The proof is in $\mathbb{R}^k$, but I think the proof is analogous for a compact Haussdorf set.

Let $\{Un\}$ be a countable collection of subsets that are open and dense in X.

Let $O$ be an open set, since $U_1$ is dense, it must intersect $U_1$ in a non-empty open set $O_1$. Let $x_1 \in O_1$ , and choose $r_1$ such that the closed ball $\overline{B_{r_1}(x_1)}$ is contained in $O_1$. Now, because $U_2$ is dense, intersect the ball $B_{r_1}(x_1)$ in a non-empty open set $O_2$. In the same way, let $x_2 \in O_2$ , and choose $r_2$ such that the closed ball $\overline{B_{r_2}(x_2)}$ is contained in $O_2$.

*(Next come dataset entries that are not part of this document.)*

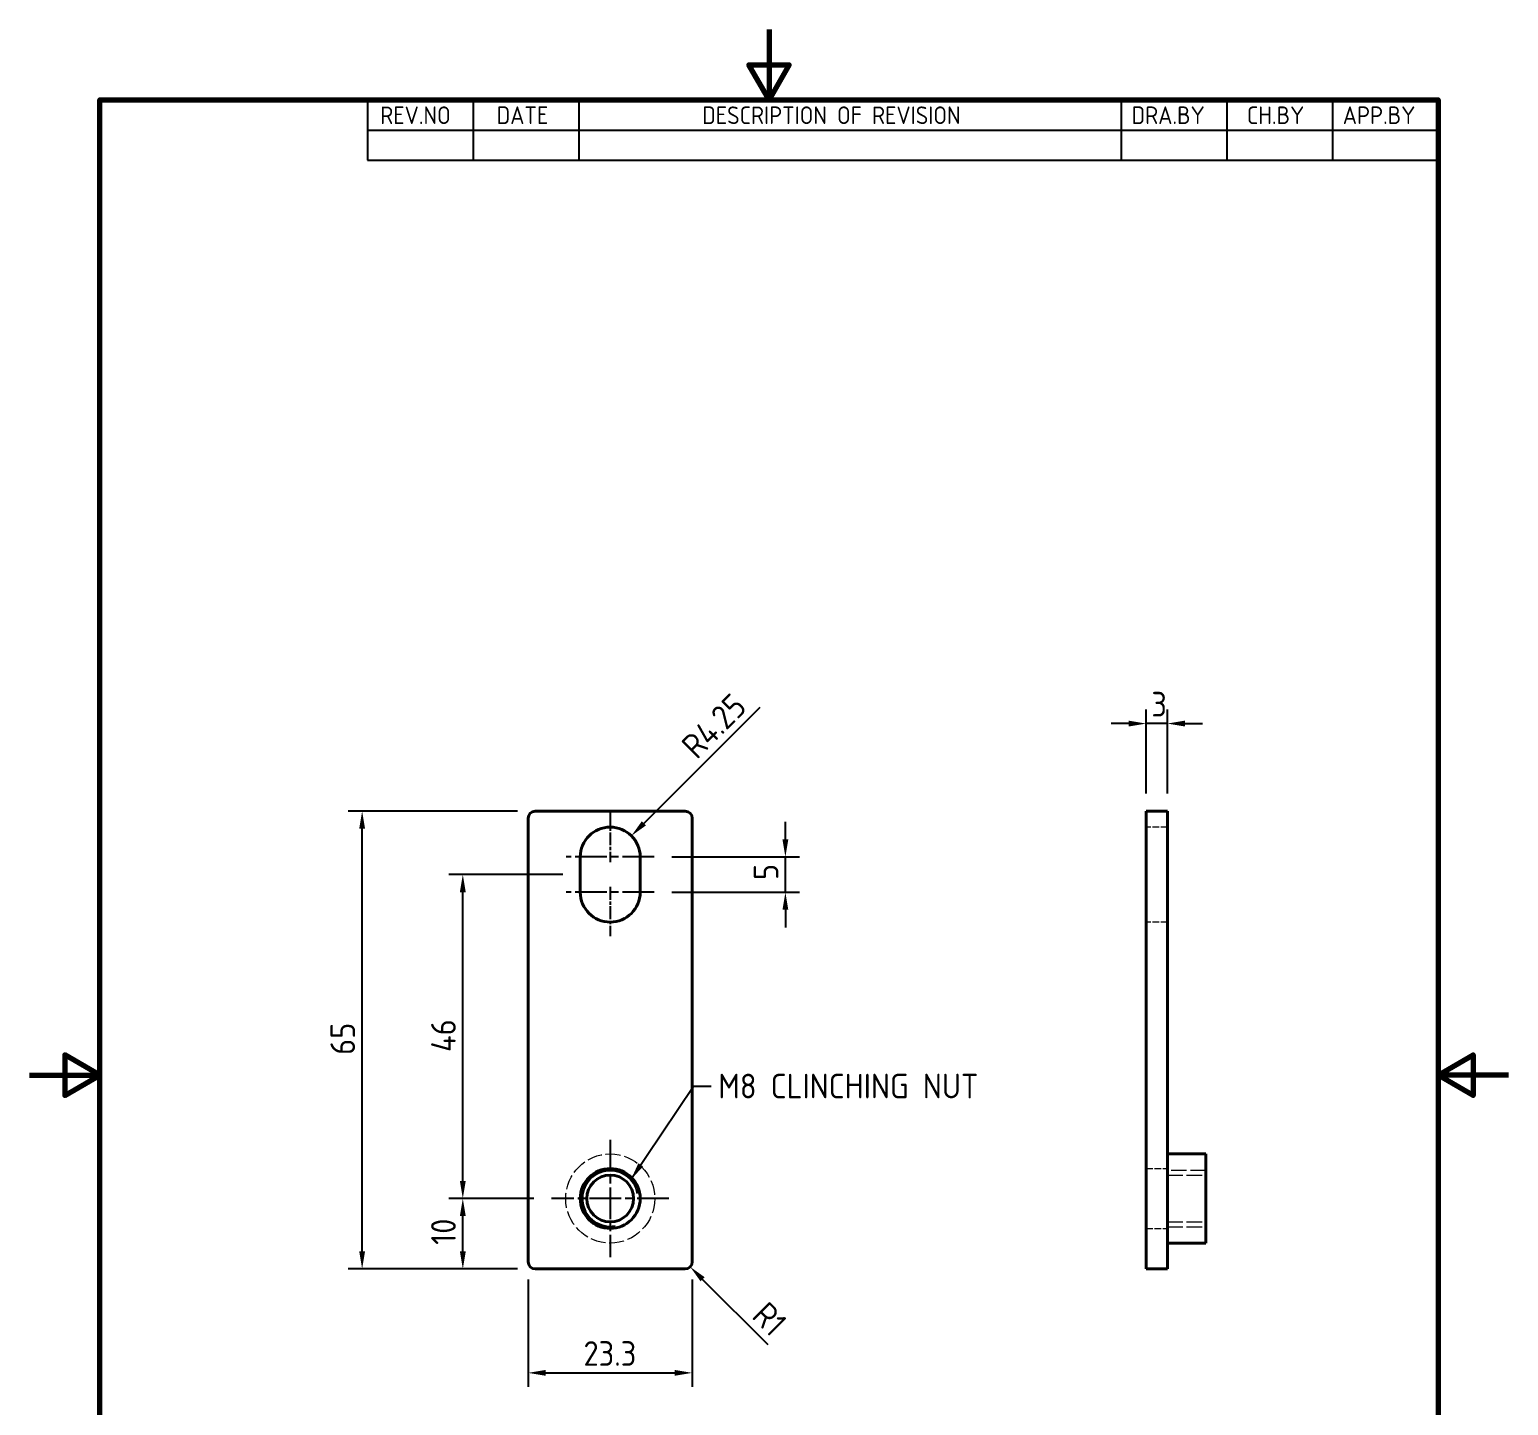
# Model space of a CAD drawing. Header units: millimetres. Extents: x 0 to 210, y 0 to 297.
# Drawn here: x 0 to 210, y 101.6 to 297 of the extents above; entities that cross this region are included whole.
import ezdxf

# ---------------------------------------------------------------- set-up
doc = ezdxf.new("R2010")
doc.units = ezdxf.units.MM
doc.linetypes.add('CHAIN', pattern=[0.35429999999999995, 0.2362, -0.0295, 0.0591, -0.0295])
doc.linetypes.add('DASHED', pattern=[0.2067, 0.1654, -0.0413])
doc.layers.get('0').update_dxf_attribs({"color": 3, "lineweight": 25})
for name, color, linetype, lineweight in [('가려진 것(ISO)', 2, 'DASHED', 18), ('가시적인 것(ISO)', 3, 'Continuous', 40), ('가시적인 좁은 것(ISO)', 3, 'Continuous', 35), ('경계(ISO)', 7, 'Continuous', 70), ('기호(ISO)', 5, 'Continuous', 25), ('중심 표식(ISO)', 1, 'Continuous', 25), ('치수(ISO)', 7, 'Continuous', 25)]:
    doc.layers.add(name, color=color, linetype=linetype, lineweight=lineweight)
doc.styles.add('ISO Proportiona M2B', font='isocp.shx')
doc.styles.add('치수 텍스트_PSTEK_POSCO', font='isocp.shx')
doc.dimstyles.new('치수_PSTEK_POSCO', dxfattribs={"dimtxt": 3.5, "dimasz": 2.5, "dimexe": 2, "dimexo": 2.5, "dimgap": 1, "dimtad": 1, "dimrnd": 1e-08, "dimdsep": 46, "dimtxsty": '치수 텍스트_PSTEK_POSCO', "dimcen": 0.09, "dimdle": 10, "dimclrd": 7, "dimclre": 7, "dimclrt": 2, "dimadec": 1, "dimazin": 2, "dimtfac": 1, "dimtmove": 0, "dimatfit": 3, "dimfxl": 0, "dimtolj": 1, "dimlwd": -1, "dimlwe": -1, "dimarcsym": 0})
doc.dimstyles.new('치수_PSTEK_POSCO$7', dxfattribs={"dimtxt": 3.5, "dimasz": 2.5, "dimexe": 2, "dimexo": 2.5, "dimgap": 1, "dimtad": 1, "dimrnd": 1e-08, "dimdsep": 46, "dimtxsty": '치수 텍스트_PSTEK_POSCO', "dimcen": 0.09, "dimdle": 10, "dimclrd": 7, "dimclre": 7, "dimclrt": 2, "dimadec": 1, "dimazin": 2, "dimtfac": 1, "dimtmove": 0, "dimatfit": 3, "dimfxl": 0, "dimtolj": 1, "dimlwd": -1, "dimlwe": -1, "dimarcsym": 0})

# ---------------------------------------------------------------- blocks, each defined once
blk = doc.blocks.new('경계 Default Border')
at = {"layer": '경계(ISO)', "flags": 128}
for points in [[(105, 297.0000076293945), (105, 287.0000076293945), (102.1132469177246, 292.0000076293945), (107.8867530822754, 292.0000076293945), (105, 287.0000076293945)], [(10, 10), (10, 287.0000076293945), (200, 287.0000076293945), (200, 10), (10, 10)], [(0, 148.5000038146973), (10, 148.5000038146973), (5, 151.3867473602295), (5, 145.6132507324219), (10, 148.5000038146973)], [(210, 148.5000038146973), (200, 148.5000038146973), (205, 151.3867473602295), (205, 145.6132507324219), (200, 148.5000038146973)]]:
    blk.add_lwpolyline(points, dxfattribs=at)
blk = doc.blocks.new('리비전 내역')
at = {"layer": '기호(ISO)'}
for p, q in [((48.00000000000001, 287.0000076293945), (200, 287.0000076293945)), ((48.00000000000001, 287.0000076293945), (48.00000000000001, 282.7200076293945)), ((63.00000000000001, 287.0000076293945), (63.00000000000001, 282.7200076293945)), ((78, 287.0000076293945), (78, 282.7200076293945)), ((155, 287.0000076293945), (155, 282.7200076293945)), ((170, 287.0000076293945), (170, 282.7200076293945)), ((185, 287.0000076293945), (185, 282.7200076293945)), ((200, 287.0000076293945), (200, 282.7200076293945)), ((48.00000000000001, 282.7200076293945), (200, 282.7200076293945)), ((48.00000000000001, 282.7200076293945), (48.00000000000001, 278.4400076293945)), ((63.00000000000001, 282.7200076293945), (63.00000000000001, 278.4400076293945)), ((78, 282.7200076293945), (78, 278.4400076293945)), ((155, 282.7200076293945), (155, 278.4400076293945)), ((170, 282.7200076293945), (170, 278.4400076293945)), ((185, 282.7200076293945), (185, 278.4400076293945)), ((200, 282.7200076293945), (200, 278.4400076293945)), ((48.00000000000001, 278.4400076293945), (200, 278.4400076293945))]:
    blk.add_line(p, q, dxfattribs=at)
at = {"layer": '기호(ISO)', "color": 2, "char_height": 2.5, "attachment_point": 7, "style": 'ISO Proportiona M2B'}
for s, insert in [('REV.NO', (49.7871163682308, 283.5831900503393)), ('DATE', (66.31423177283666, 283.5831900503393)), ('DESCRIPTION OF REVISION', (95.50702043336295, 283.5831900503393)), ('DRA.BY', (156.4757339553203, 283.5831900503393)), ('CH.BY', (172.8642915086116, 283.5831900503393)), ('APP.BY', (186.4777339604403, 283.5831900503393))]:
    blk.add_mtext(s, dxfattribs=dict(at, insert=insert))
blk = doc.blocks.new('*D22')
at = {"layer": 'Defpoints', "color": 0, "transparency": 16777216}
for p in [(61.52110160427436, 131.0030720778631), (74.12902440048296, 131.0030720778631), (71.80402440048296, 121.0030720778631)]:
    blk.add_point(p, dxfattribs=at)
at = {"layer": '치수(ISO)', "color": 7, "transparency": 16777216}
for p, q in [((71.62902440048296, 131.0030720778631), (59.52110160427436, 131.0030720778631)), ((61.52110160427436, 123.5030720778631), (61.52110160427436, 128.5030720778631)), ((69.30402440048296, 121.0030720778631), (59.52110160427436, 121.0030720778631))]:
    blk.add_line(p, q, dxfattribs=at)
for points in [[(61.10443493760769, 128.5030720778631), (61.93776827094102, 128.5030720778631), (61.52110160427436, 131.0030720778631)], [(61.10443493760769, 123.5030720778631), (61.93776827094102, 123.5030720778631), (61.52110160427436, 121.0030720778631)]]:
    blk.add_solid(points, dxfattribs=at)
at = {"layer": '치수(ISO)', "color": 2, "transparency": 16777216, "insert": (58.77110160427434, 124.4266941251072), "char_height": 3.5, "attachment_point": 4, "rotation": 90, "style": '치수 텍스트_PSTEK_POSCO'}
blk.add_mtext('\\A1;10', dxfattribs=at)
blk = doc.blocks.new('*D23')
at = {"layer": 'Defpoints', "color": 0, "transparency": 16777216}
for p in [(61.52110160427437, 177.0030720778631), (78.20402440048295, 177.0030720778631), (74.12902440048296, 131.0030720778631)]:
    blk.add_point(p, dxfattribs=at)
at = {"layer": '치수(ISO)', "color": 7, "transparency": 16777216}
for p, q in [((75.70402440048295, 177.0030720778631), (59.52110160427437, 177.0030720778631)), ((61.52110160427436, 133.5030720778631), (61.52110160427436, 174.5030720778631)), ((71.62902440048296, 131.0030720778631), (59.52110160427436, 131.0030720778631))]:
    blk.add_line(p, q, dxfattribs=at)
for points in [[(61.1044349376077, 174.5030720778631), (61.93776827094103, 174.5030720778631), (61.52110160427437, 177.0030720778631)], [(61.10443493760769, 133.5030720778631), (61.93776827094102, 133.5030720778631), (61.52110160427436, 131.0030720778631)]]:
    blk.add_solid(points, dxfattribs=at)
at = {"layer": '치수(ISO)', "color": 2, "transparency": 16777216, "insert": (58.77110160427434, 151.816261054241), "char_height": 3.5, "attachment_point": 4, "rotation": 90, "style": '치수 텍스트_PSTEK_POSCO'}
blk.add_mtext('\\A1;46', dxfattribs=at)
blk = doc.blocks.new('*D24')
at = {"layer": 'Defpoints', "color": 0, "transparency": 16777216}
for p in [(47.22436647511545, 186.0030720778631), (71.80402440048296, 186.0030720778631), (71.80402440048296, 121.0030720778631)]:
    blk.add_point(p, dxfattribs=at)
at = {"layer": '치수(ISO)', "color": 7, "transparency": 16777216}
for p, q in [((69.30402440048296, 186.0030720778631), (45.22436647511545, 186.0030720778631)), ((47.22436647511544, 123.5030720778631), (47.22436647511545, 183.5030720778631)), ((69.30402440048296, 121.0030720778631), (45.22436647511544, 121.0030720778631))]:
    blk.add_line(p, q, dxfattribs=at)
for points in [[(46.80769980844879, 183.5030720778631), (47.64103314178212, 183.5030720778631), (47.22436647511545, 186.0030720778631)], [(46.80769980844877, 123.5030720778631), (47.6410331417821, 123.5030720778631), (47.22436647511544, 121.0030720778631)]]:
    blk.add_solid(points, dxfattribs=at)
at = {"layer": '치수(ISO)', "color": 2, "transparency": 16777216, "insert": (44.47436647511542, 151.400860294999), "char_height": 3.5, "attachment_point": 4, "rotation": 90, "style": '치수 텍스트_PSTEK_POSCO'}
blk.add_mtext('\\A1;65', dxfattribs=at)
blk = doc.blocks.new('*D25')
at = {"layer": 'Defpoints', "color": 0, "transparency": 16777216}
for p in [(88.70402440048295, 179.5030720778631), (107.3277224055478, 179.5030720778631), (88.70402440048294, 174.5030720778631)]:
    blk.add_point(p, dxfattribs=at)
at = {"layer": '치수(ISO)', "color": 7, "transparency": 16777216}
for p, q in [((107.3277224055478, 182.0030720778631), (107.3277224055478, 184.5030720778631)), ((91.20402440048295, 179.5030720778631), (109.3277224055478, 179.5030720778631)), ((107.3277224055478, 174.5030720778631), (107.3277224055478, 179.5030720778631)), ((91.20402440048294, 174.5030720778631), (109.3277224055478, 174.5030720778631)), ((107.3277224055478, 172.0030720778631), (107.3277224055478, 169.5030720778631))]:
    blk.add_line(p, q, dxfattribs=at)
for points in [[(106.9110557388811, 182.0030720778631), (107.7443890722145, 182.0030720778631), (107.3277224055478, 179.5030720778631)], [(106.9110557388811, 172.0030720778631), (107.7443890722145, 172.0030720778631), (107.3277224055478, 174.5030720778631)]]:
    blk.add_solid(points, dxfattribs=at)
at = {"layer": '치수(ISO)', "color": 2, "transparency": 16777216, "insert": (104.5777224055478, 176.2305847044478), "char_height": 3.5, "attachment_point": 4, "rotation": 90, "style": '치수 텍스트_PSTEK_POSCO'}
blk.add_mtext('\\A1;5', dxfattribs=at)
blk = doc.blocks.new('*D26')
at = {"layer": 'Defpoints', "color": 0, "transparency": 16777216}
for p in [(85.45922822052626, 182.5082758979055), (82.45402440048298, 179.5030720778631)]:
    blk.add_point(p, dxfattribs=at)
at = {"layer": '치수(ISO)', "color": 7, "transparency": 16777216}
blk.add_line((103.7041864592606, 200.7532341366342), (87.22699517349292, 184.2760428508716), dxfattribs=at)
blk.add_solid([(86.93236734799856, 184.570670676366), (87.52162299898728, 183.9814150253771), (85.45922822052626, 182.5082758979055)], dxfattribs=at)
at = {"layer": '치수(ISO)', "color": 2, "transparency": 16777216, "insert": (93.52515861083216, 194.4637807646032), "char_height": 3.5, "attachment_point": 4, "rotation": 44.999999999991196, "style": '치수 텍스트_PSTEK_POSCO'}
blk.add_mtext('\\A1;R4.25', dxfattribs=at)
blk = doc.blocks.new('*D27')
at = {"layer": 'Defpoints', "color": 0, "transparency": 16777216}
for p in [(70.80402440048294, 122.0030720778631), (94.10402440048294, 122.0030720778631), (94.10402440048294, 106.2461944168113)]:
    blk.add_point(p, dxfattribs=at)
at = {"layer": '치수(ISO)', "color": 7, "transparency": 16777216}
for p, q in [((70.80402440048294, 119.5030720778631), (70.80402440048294, 104.2461944168113)), ((94.10402440048294, 119.5030720778631), (94.10402440048294, 104.2461944168113)), ((73.30402440048294, 106.2461944168113), (91.60402440048294, 106.2461944168113))]:
    blk.add_line(p, q, dxfattribs=at)
for points in [[(73.30402440048294, 106.662861083478), (73.30402440048294, 105.8295277501446), (70.80402440048294, 106.2461944168113)], [(91.60402440048294, 106.662861083478), (91.60402440048294, 105.8295277501446), (94.10402440048294, 106.2461944168113)]]:
    blk.add_solid(points, dxfattribs=at)
at = {"layer": '치수(ISO)', "color": 2, "transparency": 16777216, "insert": (78.6620980506897, 108.9965389050003), "char_height": 3.5, "attachment_point": 4, "style": '치수 텍스트_PSTEK_POSCO'}
blk.add_mtext('\\A1;23.3', dxfattribs=at)
blk = doc.blocks.new('*D28')
at = {"layer": 'Defpoints', "color": 0, "transparency": 16777216}
for p in [(158.5696293208862, 198.4496081263253), (158.5696293208862, 186.0030720778631), (161.5696293208862, 186.0030720778631)]:
    blk.add_point(p, dxfattribs=at)
at = {"layer": '치수(ISO)', "color": 7, "transparency": 16777216}
for p, q in [((158.5696293208862, 188.5030720778631), (158.5696293208862, 200.4496081263253)), ((161.5696293208862, 188.5030720778631), (161.5696293208862, 200.4496081263253)), ((156.0696293208862, 198.4496081263253), (153.5696293208862, 198.4496081263253)), ((161.5696293208862, 198.4496081263253), (158.5696293208862, 198.4496081263253)), ((164.0696293208862, 198.4496081263253), (166.5696293208862, 198.4496081263253))]:
    blk.add_line(p, q, dxfattribs=at)
for points in [[(156.0696293208862, 198.866274792992), (156.0696293208862, 198.0329414596586), (158.5696293208862, 198.4496081263253)], [(164.0696293208862, 198.866274792992), (164.0696293208862, 198.0329414596586), (161.5696293208862, 198.4496081263253)]]:
    blk.add_solid(points, dxfattribs=at)
at = {"layer": '치수(ISO)', "color": 2, "transparency": 16777216, "insert": (159.2971419474709, 201.1996081263253), "char_height": 3.5, "attachment_point": 4, "style": '치수 텍스트_PSTEK_POSCO'}
blk.add_mtext('\\A1;3', dxfattribs=at)
blk = doc.blocks.new('*D29')
at = {"layer": 'Defpoints', "color": 0, "transparency": 16777216}
for p in [(93.10402440048286, 122.0030720778629), (93.81113118166951, 121.2959652966765)]:
    blk.add_point(p, dxfattribs=at)
at = {"layer": '치수(ISO)', "color": 7, "transparency": 16777216}
blk.add_line((104.8600842995871, 110.2470121787634), (95.57889813463623, 119.5281983437105), dxfattribs=at)
blk.add_solid([(95.87352596013056, 119.822826169205), (95.2842703091419, 119.2335705182161), (93.81113118166951, 121.2959652966765)], dxfattribs=at)
at = {"layer": '치수(ISO)', "color": 2, "transparency": 16777216, "insert": (103.6226474325096, 115.3735363423657), "char_height": 3.5, "attachment_point": 4, "rotation": 315.00000000001154, "style": '치수 텍스트_PSTEK_POSCO'}
blk.add_mtext('\\A1;R1', dxfattribs=at)

msp = doc.modelspace()

# ---------------------------------------------------------------- linework, layer by layer
at = {"layer": '가려진 것(ISO)', "ltscale": 5.713989734649658}
for p, q in [((161.569629320883, 183.7530720778631), (158.569629320883, 183.7530720778631)), ((161.569629320883, 170.2530720778631), (158.569629320883, 170.2530720778631)), ((158.569629320883, 135.2530720778631), (161.569629320883, 135.2530720778631)), ((158.569629320883, 126.7530720778631), (161.569629320883, 126.7530720778631))]:
    msp.add_line(p, q, dxfattribs=at)
at = {"layer": '가려진 것(ISO)', "ltscale": 13.23173713684082}
for p, q in [((167.039629320883, 135.0030720778631), (161.569629320883, 135.0030720778631)), ((161.569629320883, 134.3265720778631), (167.039629320883, 134.3265720778631)), ((161.569629320883, 127.6795720778631), (167.039629320883, 127.6795720778631)), ((161.569629320883, 127.0030720778631), (167.039629320883, 127.0030720778631))]:
    msp.add_line(p, q, dxfattribs=at)
at = {"layer": '가려진 것(ISO)', "ltscale": 12.81765747070312}
msp.add_circle((82.45402440048295, 131.0030720778631), 6.325000000000001, dxfattribs=at)
at = {"layer": '가시적인 것(ISO)'}
for p, q in [((70.80402440048294, 122.0030720778631), (70.80402440048294, 185.0030720778631)), ((93.10402440048294, 186.0030720778631), (71.80402440048296, 186.0030720778631)), ((94.10402440048294, 185.0030720778631), (94.10402440048294, 122.0030720778631)), ((158.5696293208865, 185.0030720778631), (158.5696293208862, 186.0030720778631)), ((161.5696293208862, 186.0030720778631), (158.5696293208862, 186.0030720778631)), ((158.5696293208865, 185.0030720778631), (158.5696293208865, 122.0030720778631)), ((161.5696293208862, 186.0030720778631), (161.5696293208865, 185.0030720778631)), ((161.5696293208865, 122.0030720778631), (161.5696293208865, 185.0030720778631)), ((78.20402440048295, 174.5030720778631), (78.20402440048295, 179.5030720778631)), ((86.70402440048295, 179.5030720778631), (86.70402440048295, 174.5030720778631)), ((161.569629320883, 137.3280720778631), (167.039629320883, 137.3280720778631)), ((167.039629320883, 124.6780720778631), (167.039629320883, 137.3280720778631)), ((161.569629320883, 124.6780720778631), (167.039629320883, 124.6780720778631)), ((158.5696293208862, 121.0030720778631), (158.5696293208865, 122.0030720778631)), ((161.5696293208865, 122.0030720778631), (161.5696293208862, 121.0030720778631)), ((93.10402440048294, 121.0030720778631), (71.80402440048296, 121.0030720778631)), ((158.5696293208862, 121.0030720778631), (161.5696293208862, 121.0030720778631))]:
    msp.add_line(p, q, dxfattribs=at)
for radius in [4.25, 3.3235]:
    msp.add_circle((82.45402440048295, 131.0030720778631), radius, dxfattribs=at)
for centre, radius, start, end in [((71.80402440048296, 185.0030720778631), 1.000000000000003, 90, 180), ((93.10402440048294, 185.0030720778631), 1, 0, 90), ((82.45402440048295, 179.5030720778631), 4.249999999999998, 0, 180), ((82.45402440048295, 174.5030720778631), 4.249999999999988, 180, 0), ((71.80402440048296, 122.0030720778631), 0.9999999999999964, 180, 270), ((93.10402440048294, 122.0030720778631), 1.000000000000001, 270, 0)]:
    msp.add_arc(centre, radius, start, end, dxfattribs=at)
at = {"layer": '가시적인 좁은 것(ISO)'}
msp.add_arc((82.45402440048295, 131.0030720778631), 3.999999999999989, 10.00000000004899, 279.999999999998, dxfattribs=at)
at = {"layer": '중심 표식(ISO)', "linetype": 'CHAIN', "ltscale": 7.778351783752441}
for p, q in [((82.45402440048295, 185.7530720778631), (82.45402440048295, 178.7530720778631)), ((82.45402440048295, 175.2530720778631), (82.45402440048295, 168.2530720778631))]:
    msp.add_line(p, q, dxfattribs=at)
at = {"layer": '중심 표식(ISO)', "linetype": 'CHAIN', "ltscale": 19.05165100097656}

With this process we obtained a nested sequence if non-empty compact sets $\overline{B_1} \supseteq \overline{B_2} \supseteq \overline{B_3} \supseteq ... \supseteq \overline{B_n} \supseteq ...$ . If $x \in \overline{B_n}$, then $x \in O_n$, for each $n$ and hence $x \in O \cap U|n$. Thus $\bigcap U_n$ intersects each non-empty set $O$ in a least one point, that is precisely, that $\bigcap U_n$ is dense in $X$.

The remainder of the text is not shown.